_WHAT YOU HAVE TO DO_
Search the listing below for lines that hold the word "processed", and report only how many there are.
=== Section Start ===
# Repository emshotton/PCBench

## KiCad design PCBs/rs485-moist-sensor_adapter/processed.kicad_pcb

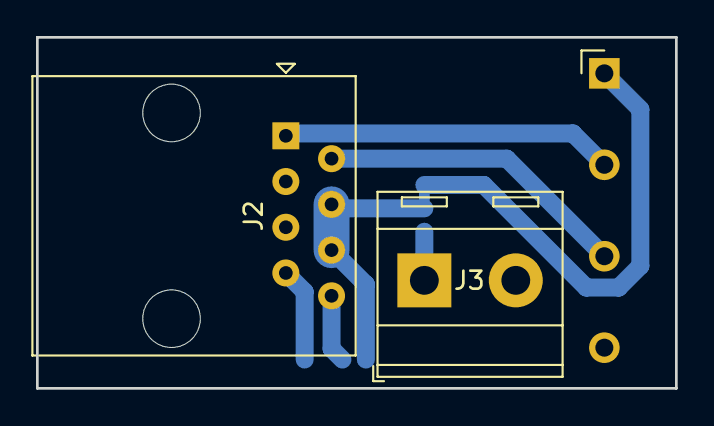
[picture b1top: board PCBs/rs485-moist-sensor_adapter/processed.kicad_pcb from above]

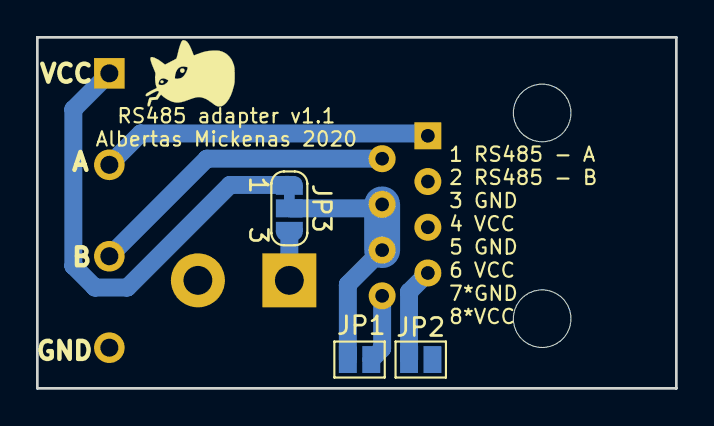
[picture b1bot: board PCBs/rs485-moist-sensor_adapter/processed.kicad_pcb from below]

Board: 2 copper layers, 35.5 x 19.5 mm, 6 parts (3 on the bottom side), 8 nets.

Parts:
J1: Conn_01x04_Male; Pin_Header_Angled_1x04_Pitch2.54mm
J2: RJ45; RJ45_Amphenol_54602-x08_Horizontal
J3: Conn_01x02_Male; TerminalBlock_RND_205-00287_Pitch5.08mm
JP1, JP2: Jumper_2_Open; SolderJumper-2_P1.3mm_Open_Pad1.0x1.5mm
JP3: Jumper_3_Bridged12; SolderJumper-3_P1.3mm_Bridged12_RoundedPad1.0x1.5mm_NumberL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

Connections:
/A: J1.2, J2.1
/A/GND: J2.7, JP2.1
/B: J1.3, J2.2
/B/VCC: J2.8, JP1.1
GND: J1.4, J2.3, J2.5, J3.2, JP2.2
unnamed: J1.1, JP3.1
unnamed: J3.1, JP3.3
VCC: J2.4, J2.6, JP1.2, JP3.2

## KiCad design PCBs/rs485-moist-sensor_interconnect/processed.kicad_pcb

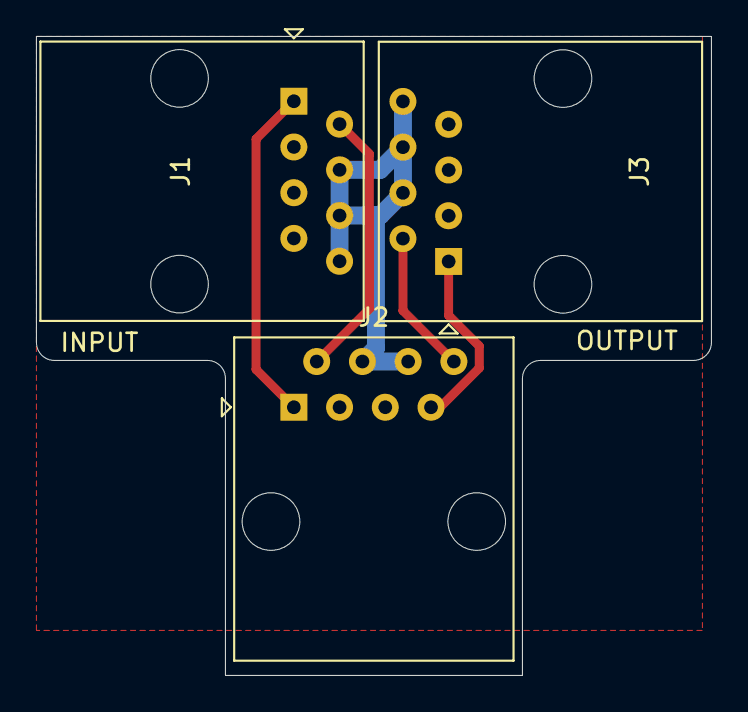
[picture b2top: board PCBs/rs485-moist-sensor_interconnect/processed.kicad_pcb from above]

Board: 2 copper layers, 37.5 x 35.5 mm, 4 parts (1 on the bottom side), 6 nets.

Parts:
C1: C; C_0603_1608Metric_Pad1.05x0.95mm_HandSolder
J1, J2, J3: RJ45; RJ45_Amphenol_54602-x08_Horizontal

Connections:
GND: C1.2, J1.3, J1.5, J1.7, J2.3, J2.5, J3.3, J3.5, J3.7
unnamed: J1.1, J2.1
unnamed: J1.2, J2.2
unnamed: J2.7, J3.1
unnamed: J2.8, J3.2
VCC: C1.1, J1.4, J1.6, J1.8, J2.4, J2.6, J3.4, J3.6, J3.8

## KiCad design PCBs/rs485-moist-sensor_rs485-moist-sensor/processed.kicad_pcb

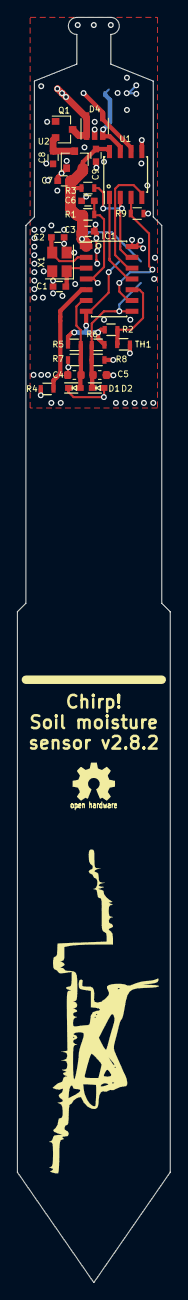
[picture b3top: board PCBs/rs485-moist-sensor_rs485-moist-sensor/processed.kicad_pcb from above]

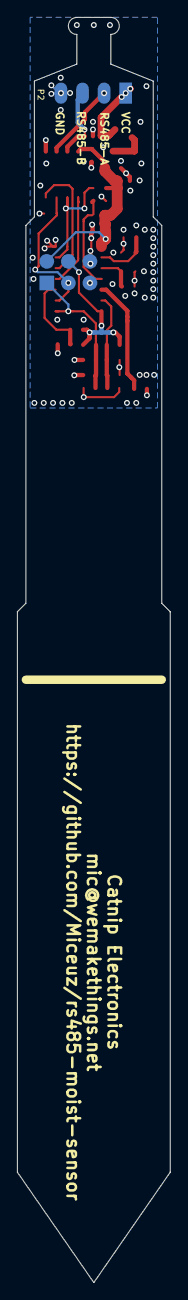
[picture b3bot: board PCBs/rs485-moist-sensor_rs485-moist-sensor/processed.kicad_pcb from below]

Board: 4 copper layers, 18.0 x 149.0 mm, 29 parts (2 on the bottom side), 19 nets.

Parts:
C1, C2: 13p; C_0603
C3, C6, C7, C8, C9: 1u; C_0603
C4, C5: 1n; C_0603_1608Metric
D1, D2: RB751S40; SOD-523
D4: NUP4004M5T1G; SOT-23-5
IC1: ATTINY441-SSU; SOIC-14_3.9x8.7mm_Pitch1.27mm
P1: CONN_02X03; Pin_Header_Straight_2x03
P2: CONN_01X04; Pin_Header_Straight_1x04_Pitch2.54mm
Q1: Q_PMOS_GSD; SOT-23
R1, R3, R9: 10k; R_0603
R2: 10k 0.1%; R_0603
R4: 330; R_0603
R5, R6, R7, R8: 1M; R_0603
TH1: NCP18XH103F03RB; R_0603
U1: SN65HVD72; SOIC-8_3.9x4.9mm_Pitch1.27mm
U2: MCP1702; SOT-23
X1: 16MHz; Crystal_SMD_3225-4pin_3.2x2.5mm

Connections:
+3V3: C3.1, C7.1, C9.1, IC1.1, P1.2, R1.2, R3.1, U1.8, U2.2
/EXCITATION: IC1.5, R4.2
/MOSI: IC1.7, P1.4, R2.1, R5.2, R6.2
/RESET: C6.1, IC1.4, P1.5, R1.1
/RS485A: D4.4, P2.2, U1.6
/RS485B: D4.3, P2.3, U1.7
/RS485_READER_ENABLE: IC1.13, R3.2, U1.2
/RX: IC1.11, U1.1
/SCK: IC1.9, P1.3, R9.1, U1.3
/SENSE_HIGH/MISO: C5.1, D2.2, IC1.8, P1.1, R6.1, R8.2
/SENSE_LOW: C4.1, D1.1, IC1.6, R5.1, R7.2
/SENSOR_TRACK: D1.2, D2.1, R4.1
/THERMISTOR: IC1.10, R2.2, TH1.1
/TX: IC1.12, U1.4
GND: C1.2, C2.2, C3.2, C4.2, C5.2, C6.2, C7.2, C8.2, C9.2, D4.2, IC1.14, P1.6, P2.4, Q1.1, R7.1, R8.1, R9.2, TH1.2, U1.5, U2.1, X1.2, X1.4
unnamed: C1.1, IC1.3, X1.1
unnamed: C2.1, IC1.2, X1.3
unnamed: C8.1, Q1.2, U2.3
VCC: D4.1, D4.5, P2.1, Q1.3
=== Section End ===
_RESULT OF THE EXERCISE_
8